AIM OF THE TASK:
What's needed is an exact retyping of the lines from the start of the listing up to and including the line with "(-424.264, 424.264), [])]", minus any pictures.
┄┄┄┄┄┄┄┄┄┄
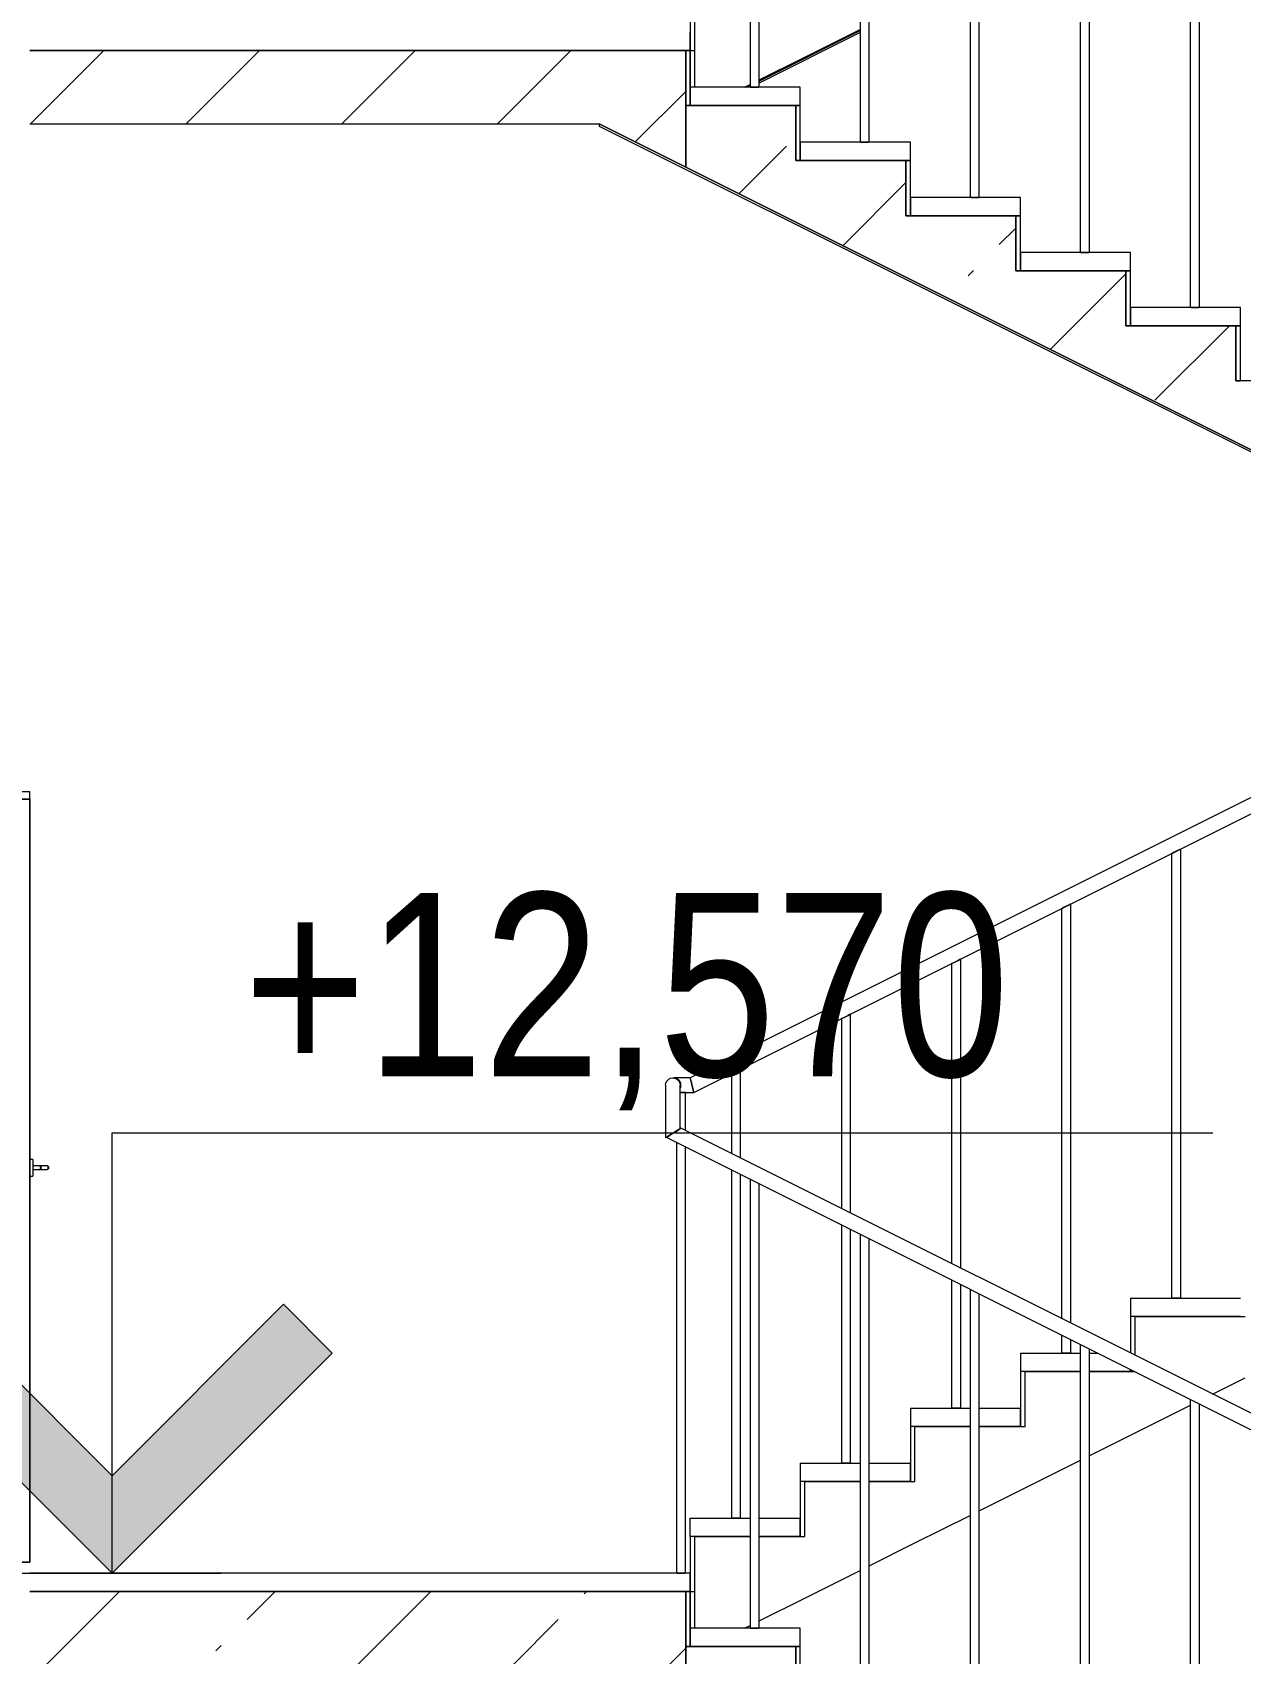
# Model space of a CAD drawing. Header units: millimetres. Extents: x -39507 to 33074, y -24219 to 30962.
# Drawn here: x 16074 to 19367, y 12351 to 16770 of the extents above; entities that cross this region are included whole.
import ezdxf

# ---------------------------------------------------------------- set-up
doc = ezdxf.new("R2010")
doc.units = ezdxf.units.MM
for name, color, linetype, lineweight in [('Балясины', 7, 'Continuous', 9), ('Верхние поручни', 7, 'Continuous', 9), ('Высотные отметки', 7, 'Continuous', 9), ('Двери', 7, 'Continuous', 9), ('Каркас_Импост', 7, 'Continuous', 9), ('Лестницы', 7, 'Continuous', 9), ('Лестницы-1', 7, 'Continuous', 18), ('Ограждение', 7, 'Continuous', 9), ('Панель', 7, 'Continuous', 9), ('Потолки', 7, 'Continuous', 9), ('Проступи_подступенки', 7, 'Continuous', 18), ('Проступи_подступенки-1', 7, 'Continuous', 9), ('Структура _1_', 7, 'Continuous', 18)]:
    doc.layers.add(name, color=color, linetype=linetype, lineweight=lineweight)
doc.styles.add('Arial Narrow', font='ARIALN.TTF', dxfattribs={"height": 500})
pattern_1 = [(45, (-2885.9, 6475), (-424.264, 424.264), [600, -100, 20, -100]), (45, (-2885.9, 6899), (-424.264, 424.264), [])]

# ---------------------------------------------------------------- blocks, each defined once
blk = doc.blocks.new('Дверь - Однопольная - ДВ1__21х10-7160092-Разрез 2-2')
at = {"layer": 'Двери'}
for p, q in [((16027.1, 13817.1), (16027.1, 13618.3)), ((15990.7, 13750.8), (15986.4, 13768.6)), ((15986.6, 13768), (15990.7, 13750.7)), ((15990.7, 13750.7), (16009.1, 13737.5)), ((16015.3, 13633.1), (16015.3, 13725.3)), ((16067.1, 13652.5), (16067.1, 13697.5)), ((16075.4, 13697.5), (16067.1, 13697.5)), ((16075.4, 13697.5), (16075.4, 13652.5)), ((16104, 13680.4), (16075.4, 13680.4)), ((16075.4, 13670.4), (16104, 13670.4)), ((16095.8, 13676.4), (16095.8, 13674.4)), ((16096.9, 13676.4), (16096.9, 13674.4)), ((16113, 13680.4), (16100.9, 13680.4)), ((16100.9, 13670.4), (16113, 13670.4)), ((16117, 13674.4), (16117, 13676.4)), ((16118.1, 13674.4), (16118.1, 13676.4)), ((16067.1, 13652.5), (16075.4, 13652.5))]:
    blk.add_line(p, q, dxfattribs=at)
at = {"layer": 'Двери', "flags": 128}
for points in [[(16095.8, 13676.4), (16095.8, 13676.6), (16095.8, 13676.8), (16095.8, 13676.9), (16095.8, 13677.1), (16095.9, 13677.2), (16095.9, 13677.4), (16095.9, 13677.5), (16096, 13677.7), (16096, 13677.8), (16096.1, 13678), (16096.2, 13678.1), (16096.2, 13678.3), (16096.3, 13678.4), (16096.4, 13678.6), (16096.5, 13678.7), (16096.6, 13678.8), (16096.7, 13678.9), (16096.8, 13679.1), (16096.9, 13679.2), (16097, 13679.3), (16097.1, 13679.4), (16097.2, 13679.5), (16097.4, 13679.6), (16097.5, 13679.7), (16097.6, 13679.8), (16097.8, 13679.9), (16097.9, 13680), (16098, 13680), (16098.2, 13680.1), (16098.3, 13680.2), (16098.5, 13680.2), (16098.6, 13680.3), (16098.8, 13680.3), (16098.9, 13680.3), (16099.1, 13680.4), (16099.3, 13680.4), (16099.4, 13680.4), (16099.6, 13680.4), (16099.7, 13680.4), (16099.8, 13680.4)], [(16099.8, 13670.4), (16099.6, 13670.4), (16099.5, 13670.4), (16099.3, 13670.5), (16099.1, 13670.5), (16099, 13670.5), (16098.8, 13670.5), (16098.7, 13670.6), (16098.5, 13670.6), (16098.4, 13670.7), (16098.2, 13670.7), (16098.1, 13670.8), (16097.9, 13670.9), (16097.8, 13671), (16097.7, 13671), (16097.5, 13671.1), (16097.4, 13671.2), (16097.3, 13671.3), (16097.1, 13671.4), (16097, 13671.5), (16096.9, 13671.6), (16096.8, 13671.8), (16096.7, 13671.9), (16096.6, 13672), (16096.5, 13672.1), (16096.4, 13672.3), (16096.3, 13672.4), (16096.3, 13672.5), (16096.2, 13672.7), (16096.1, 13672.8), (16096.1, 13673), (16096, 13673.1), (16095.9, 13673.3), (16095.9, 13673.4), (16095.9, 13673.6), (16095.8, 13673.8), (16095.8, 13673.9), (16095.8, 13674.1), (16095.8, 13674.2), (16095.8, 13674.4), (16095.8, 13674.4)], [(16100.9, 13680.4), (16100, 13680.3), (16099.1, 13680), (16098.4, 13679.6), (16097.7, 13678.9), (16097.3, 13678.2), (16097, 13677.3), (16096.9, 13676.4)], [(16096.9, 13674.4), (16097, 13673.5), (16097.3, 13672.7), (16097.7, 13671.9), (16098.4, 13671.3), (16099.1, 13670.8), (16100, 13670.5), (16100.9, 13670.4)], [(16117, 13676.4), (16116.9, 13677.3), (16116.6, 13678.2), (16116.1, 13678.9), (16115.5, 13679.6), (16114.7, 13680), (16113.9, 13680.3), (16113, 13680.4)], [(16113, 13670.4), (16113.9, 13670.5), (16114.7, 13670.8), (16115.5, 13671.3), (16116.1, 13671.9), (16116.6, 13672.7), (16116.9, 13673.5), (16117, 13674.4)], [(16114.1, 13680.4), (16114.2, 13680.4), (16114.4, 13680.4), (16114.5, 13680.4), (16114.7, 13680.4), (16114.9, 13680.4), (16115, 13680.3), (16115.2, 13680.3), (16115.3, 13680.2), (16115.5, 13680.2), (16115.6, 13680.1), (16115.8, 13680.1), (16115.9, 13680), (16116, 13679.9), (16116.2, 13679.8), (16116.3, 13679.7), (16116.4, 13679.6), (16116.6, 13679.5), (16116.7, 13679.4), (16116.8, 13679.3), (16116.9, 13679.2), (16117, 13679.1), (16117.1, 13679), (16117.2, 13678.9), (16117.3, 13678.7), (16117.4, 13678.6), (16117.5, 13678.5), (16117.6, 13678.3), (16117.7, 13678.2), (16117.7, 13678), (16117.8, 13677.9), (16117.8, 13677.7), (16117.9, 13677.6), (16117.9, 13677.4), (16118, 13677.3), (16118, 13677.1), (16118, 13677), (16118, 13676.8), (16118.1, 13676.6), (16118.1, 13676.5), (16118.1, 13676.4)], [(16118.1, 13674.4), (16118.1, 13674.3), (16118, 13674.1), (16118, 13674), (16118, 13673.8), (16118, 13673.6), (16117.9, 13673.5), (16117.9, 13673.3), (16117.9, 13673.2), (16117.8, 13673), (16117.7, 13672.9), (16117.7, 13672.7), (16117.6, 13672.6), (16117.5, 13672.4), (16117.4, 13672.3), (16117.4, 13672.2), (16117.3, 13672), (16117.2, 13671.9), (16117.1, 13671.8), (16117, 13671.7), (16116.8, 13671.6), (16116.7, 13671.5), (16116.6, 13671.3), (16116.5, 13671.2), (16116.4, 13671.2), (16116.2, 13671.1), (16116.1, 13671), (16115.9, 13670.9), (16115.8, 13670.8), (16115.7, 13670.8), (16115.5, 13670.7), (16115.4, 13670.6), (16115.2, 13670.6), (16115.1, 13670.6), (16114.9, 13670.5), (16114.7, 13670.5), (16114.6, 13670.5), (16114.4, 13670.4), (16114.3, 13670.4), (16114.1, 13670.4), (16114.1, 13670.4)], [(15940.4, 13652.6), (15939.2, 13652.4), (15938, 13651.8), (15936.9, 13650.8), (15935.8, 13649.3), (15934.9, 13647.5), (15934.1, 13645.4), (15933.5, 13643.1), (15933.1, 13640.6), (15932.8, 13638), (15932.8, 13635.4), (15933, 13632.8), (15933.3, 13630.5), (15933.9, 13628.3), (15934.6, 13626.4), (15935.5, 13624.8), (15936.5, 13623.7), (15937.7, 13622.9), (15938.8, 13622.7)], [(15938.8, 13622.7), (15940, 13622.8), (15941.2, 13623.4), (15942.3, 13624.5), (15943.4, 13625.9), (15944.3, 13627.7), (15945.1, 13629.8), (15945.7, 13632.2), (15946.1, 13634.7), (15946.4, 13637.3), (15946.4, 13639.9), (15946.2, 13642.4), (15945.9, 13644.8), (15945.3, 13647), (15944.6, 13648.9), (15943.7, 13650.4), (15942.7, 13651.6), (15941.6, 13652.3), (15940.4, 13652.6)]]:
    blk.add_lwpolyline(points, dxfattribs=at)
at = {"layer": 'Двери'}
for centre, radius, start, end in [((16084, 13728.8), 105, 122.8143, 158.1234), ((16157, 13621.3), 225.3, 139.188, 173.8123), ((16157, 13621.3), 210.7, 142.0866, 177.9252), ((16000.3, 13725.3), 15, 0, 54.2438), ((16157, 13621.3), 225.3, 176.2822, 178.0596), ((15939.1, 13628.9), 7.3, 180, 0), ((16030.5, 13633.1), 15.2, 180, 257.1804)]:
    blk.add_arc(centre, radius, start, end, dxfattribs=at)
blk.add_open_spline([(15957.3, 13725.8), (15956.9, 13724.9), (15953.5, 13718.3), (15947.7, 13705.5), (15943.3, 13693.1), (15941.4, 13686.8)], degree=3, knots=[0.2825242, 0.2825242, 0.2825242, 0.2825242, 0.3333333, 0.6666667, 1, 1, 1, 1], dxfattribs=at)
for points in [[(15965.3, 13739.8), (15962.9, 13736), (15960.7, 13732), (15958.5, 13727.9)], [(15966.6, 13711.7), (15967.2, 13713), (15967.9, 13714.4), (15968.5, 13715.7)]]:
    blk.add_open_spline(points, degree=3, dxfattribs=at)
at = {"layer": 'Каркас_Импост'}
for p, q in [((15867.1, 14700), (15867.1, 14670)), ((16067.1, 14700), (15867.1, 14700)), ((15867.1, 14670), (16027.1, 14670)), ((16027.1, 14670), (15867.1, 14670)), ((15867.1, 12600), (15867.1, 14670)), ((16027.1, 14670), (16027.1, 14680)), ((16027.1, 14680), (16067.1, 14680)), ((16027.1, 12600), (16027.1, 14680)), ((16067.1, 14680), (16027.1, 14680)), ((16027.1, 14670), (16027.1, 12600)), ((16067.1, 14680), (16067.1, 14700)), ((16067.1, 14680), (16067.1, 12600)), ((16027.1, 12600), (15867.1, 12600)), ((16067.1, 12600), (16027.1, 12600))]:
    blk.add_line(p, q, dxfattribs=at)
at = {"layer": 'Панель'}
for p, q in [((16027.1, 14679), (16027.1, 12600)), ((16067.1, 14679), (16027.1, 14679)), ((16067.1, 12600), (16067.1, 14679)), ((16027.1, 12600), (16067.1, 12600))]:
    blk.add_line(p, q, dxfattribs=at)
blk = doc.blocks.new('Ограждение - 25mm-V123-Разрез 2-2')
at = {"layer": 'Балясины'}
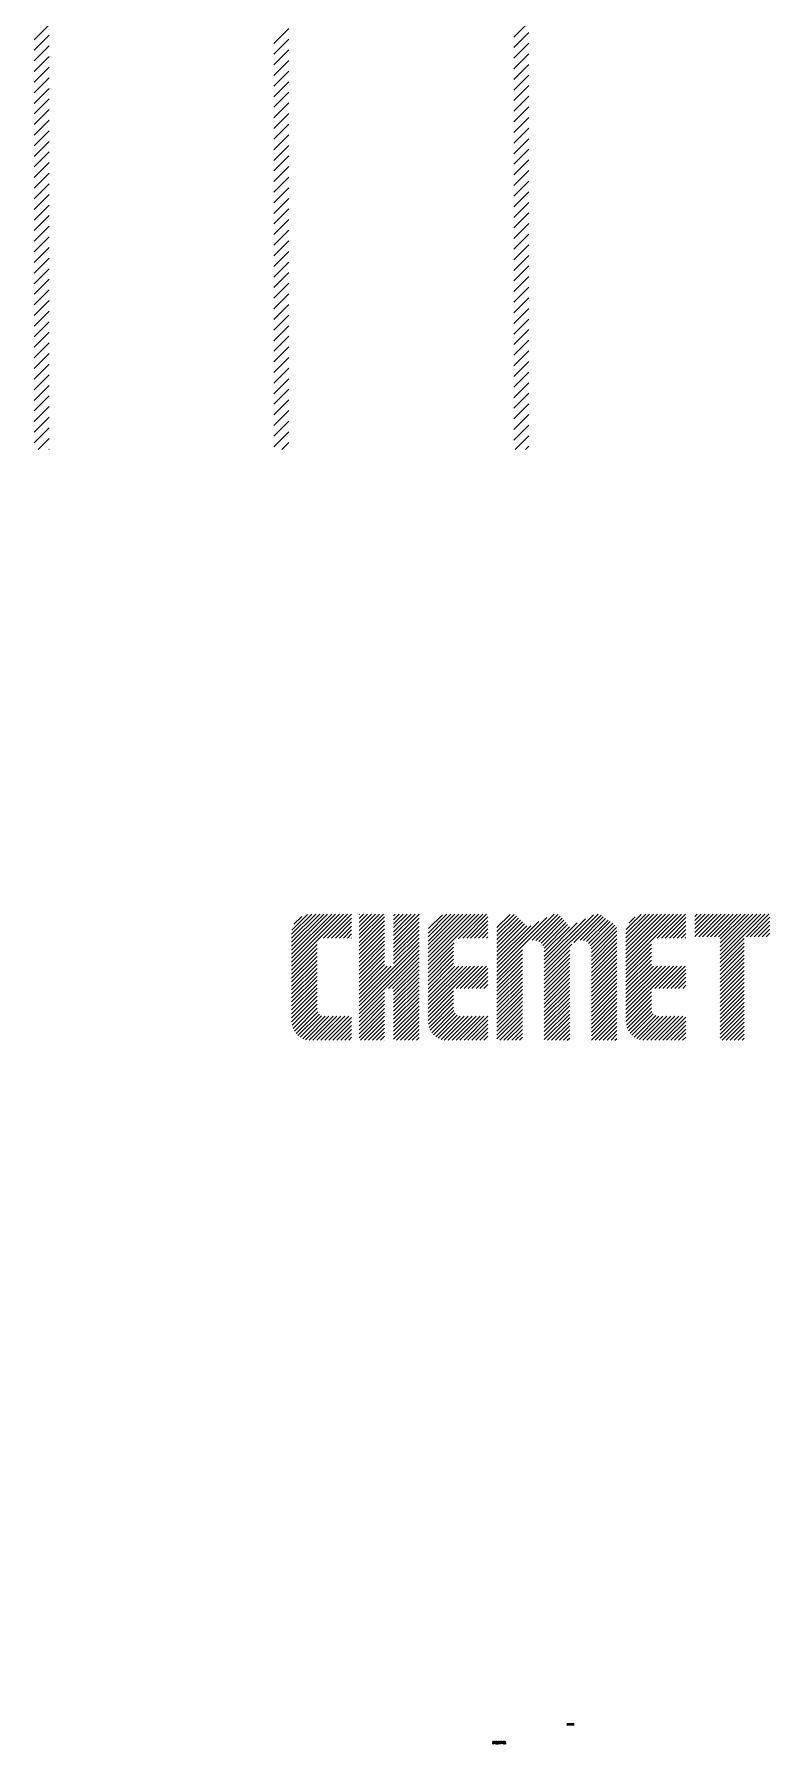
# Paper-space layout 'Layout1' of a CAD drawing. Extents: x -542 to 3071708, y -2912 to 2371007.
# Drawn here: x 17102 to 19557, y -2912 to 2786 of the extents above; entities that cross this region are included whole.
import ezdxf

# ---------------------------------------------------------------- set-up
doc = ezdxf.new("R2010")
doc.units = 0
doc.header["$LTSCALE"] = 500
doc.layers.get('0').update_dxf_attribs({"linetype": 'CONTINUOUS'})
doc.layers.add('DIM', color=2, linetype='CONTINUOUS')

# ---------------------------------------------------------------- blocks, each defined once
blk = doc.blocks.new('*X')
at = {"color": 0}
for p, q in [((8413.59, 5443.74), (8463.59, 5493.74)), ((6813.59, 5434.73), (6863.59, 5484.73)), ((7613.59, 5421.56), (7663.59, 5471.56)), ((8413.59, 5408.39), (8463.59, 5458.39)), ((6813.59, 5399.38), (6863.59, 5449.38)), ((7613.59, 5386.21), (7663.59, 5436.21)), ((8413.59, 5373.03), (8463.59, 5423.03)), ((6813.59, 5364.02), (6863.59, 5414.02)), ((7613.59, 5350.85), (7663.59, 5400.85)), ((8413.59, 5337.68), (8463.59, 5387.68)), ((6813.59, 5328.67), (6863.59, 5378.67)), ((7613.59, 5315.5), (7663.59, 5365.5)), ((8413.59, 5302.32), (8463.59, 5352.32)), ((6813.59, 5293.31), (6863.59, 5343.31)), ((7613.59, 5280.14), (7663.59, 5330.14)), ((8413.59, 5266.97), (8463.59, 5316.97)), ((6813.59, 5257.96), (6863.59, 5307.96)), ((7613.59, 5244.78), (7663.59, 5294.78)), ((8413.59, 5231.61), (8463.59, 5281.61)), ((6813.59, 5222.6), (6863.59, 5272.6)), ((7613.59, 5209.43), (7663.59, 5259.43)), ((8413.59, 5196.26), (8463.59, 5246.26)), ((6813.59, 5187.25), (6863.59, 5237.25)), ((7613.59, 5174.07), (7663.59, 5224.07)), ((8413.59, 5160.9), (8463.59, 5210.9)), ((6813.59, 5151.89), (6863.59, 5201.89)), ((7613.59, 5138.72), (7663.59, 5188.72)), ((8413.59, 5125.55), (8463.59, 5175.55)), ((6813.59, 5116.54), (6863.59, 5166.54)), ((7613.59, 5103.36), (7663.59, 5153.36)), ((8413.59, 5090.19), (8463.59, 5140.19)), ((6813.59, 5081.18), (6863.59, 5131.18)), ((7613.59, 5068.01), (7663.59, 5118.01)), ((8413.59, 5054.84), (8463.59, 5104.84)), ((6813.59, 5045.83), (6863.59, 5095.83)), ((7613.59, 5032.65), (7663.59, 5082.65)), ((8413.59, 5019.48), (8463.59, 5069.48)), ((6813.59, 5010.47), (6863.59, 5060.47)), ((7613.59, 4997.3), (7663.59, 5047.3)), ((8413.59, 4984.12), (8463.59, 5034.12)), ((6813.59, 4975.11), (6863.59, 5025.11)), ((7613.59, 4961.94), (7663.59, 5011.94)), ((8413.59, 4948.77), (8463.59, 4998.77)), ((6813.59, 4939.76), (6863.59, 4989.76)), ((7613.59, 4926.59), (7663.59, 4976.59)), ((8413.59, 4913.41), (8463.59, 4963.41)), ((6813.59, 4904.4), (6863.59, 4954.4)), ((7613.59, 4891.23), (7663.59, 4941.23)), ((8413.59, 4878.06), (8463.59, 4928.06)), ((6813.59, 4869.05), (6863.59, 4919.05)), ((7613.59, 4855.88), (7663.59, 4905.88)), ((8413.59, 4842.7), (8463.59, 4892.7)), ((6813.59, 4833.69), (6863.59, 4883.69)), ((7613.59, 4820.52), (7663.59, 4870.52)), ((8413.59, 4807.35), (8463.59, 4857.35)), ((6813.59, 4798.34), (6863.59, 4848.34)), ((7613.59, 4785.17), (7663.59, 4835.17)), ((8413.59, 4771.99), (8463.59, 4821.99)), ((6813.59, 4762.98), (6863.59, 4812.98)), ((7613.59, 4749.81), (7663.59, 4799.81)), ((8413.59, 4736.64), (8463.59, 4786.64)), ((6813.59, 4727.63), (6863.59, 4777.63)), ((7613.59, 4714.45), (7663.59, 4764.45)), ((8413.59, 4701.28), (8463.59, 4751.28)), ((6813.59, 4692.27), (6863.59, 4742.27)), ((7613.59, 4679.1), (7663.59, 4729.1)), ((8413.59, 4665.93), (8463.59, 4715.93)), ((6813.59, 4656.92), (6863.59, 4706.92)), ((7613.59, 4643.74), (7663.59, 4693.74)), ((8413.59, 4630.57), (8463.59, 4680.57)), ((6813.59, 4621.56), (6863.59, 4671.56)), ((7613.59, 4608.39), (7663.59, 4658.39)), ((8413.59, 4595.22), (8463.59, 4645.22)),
┄┄┄┄┄┄┄┄┄┄
SOLUTION TO THIS EXERCISE:
# Model space of a CAD drawing. Header units: millimetres. Extents: x -39507 to 33074, y -24219 to 30962.
# Drawn here: x 16074 to 19367, y 12351 to 16770 of the extents above; entities that cross this region are included whole.
import ezdxf

# ---------------------------------------------------------------- set-up
doc = ezdxf.new("R2010")
doc.units = ezdxf.units.MM
for name, color, linetype, lineweight in [('Балясины', 7, 'Continuous', 9), ('Верхние поручни', 7, 'Continuous', 9), ('Высотные отметки', 7, 'Continuous', 9), ('Двери', 7, 'Continuous', 9), ('Каркас_Импост', 7, 'Continuous', 9), ('Лестницы', 7, 'Continuous', 9), ('Лестницы-1', 7, 'Continuous', 18), ('Ограждение', 7, 'Continuous', 9), ('Панель', 7, 'Continuous', 9), ('Потолки', 7, 'Continuous', 9), ('Проступи_подступенки', 7, 'Continuous', 18), ('Проступи_подступенки-1', 7, 'Continuous', 9), ('Структура _1_', 7, 'Continuous', 18)]:
    doc.layers.add(name, color=color, linetype=linetype, lineweight=lineweight)
doc.styles.add('Arial Narrow', font='ARIALN.TTF', dxfattribs={"height": 500})
pattern_1 = [(45, (-2885.9, 6475), (-424.264, 424.264), [600, -100, 20, -100]), (45, (-2885.9, 6899), (-424.264, 424.264), [])]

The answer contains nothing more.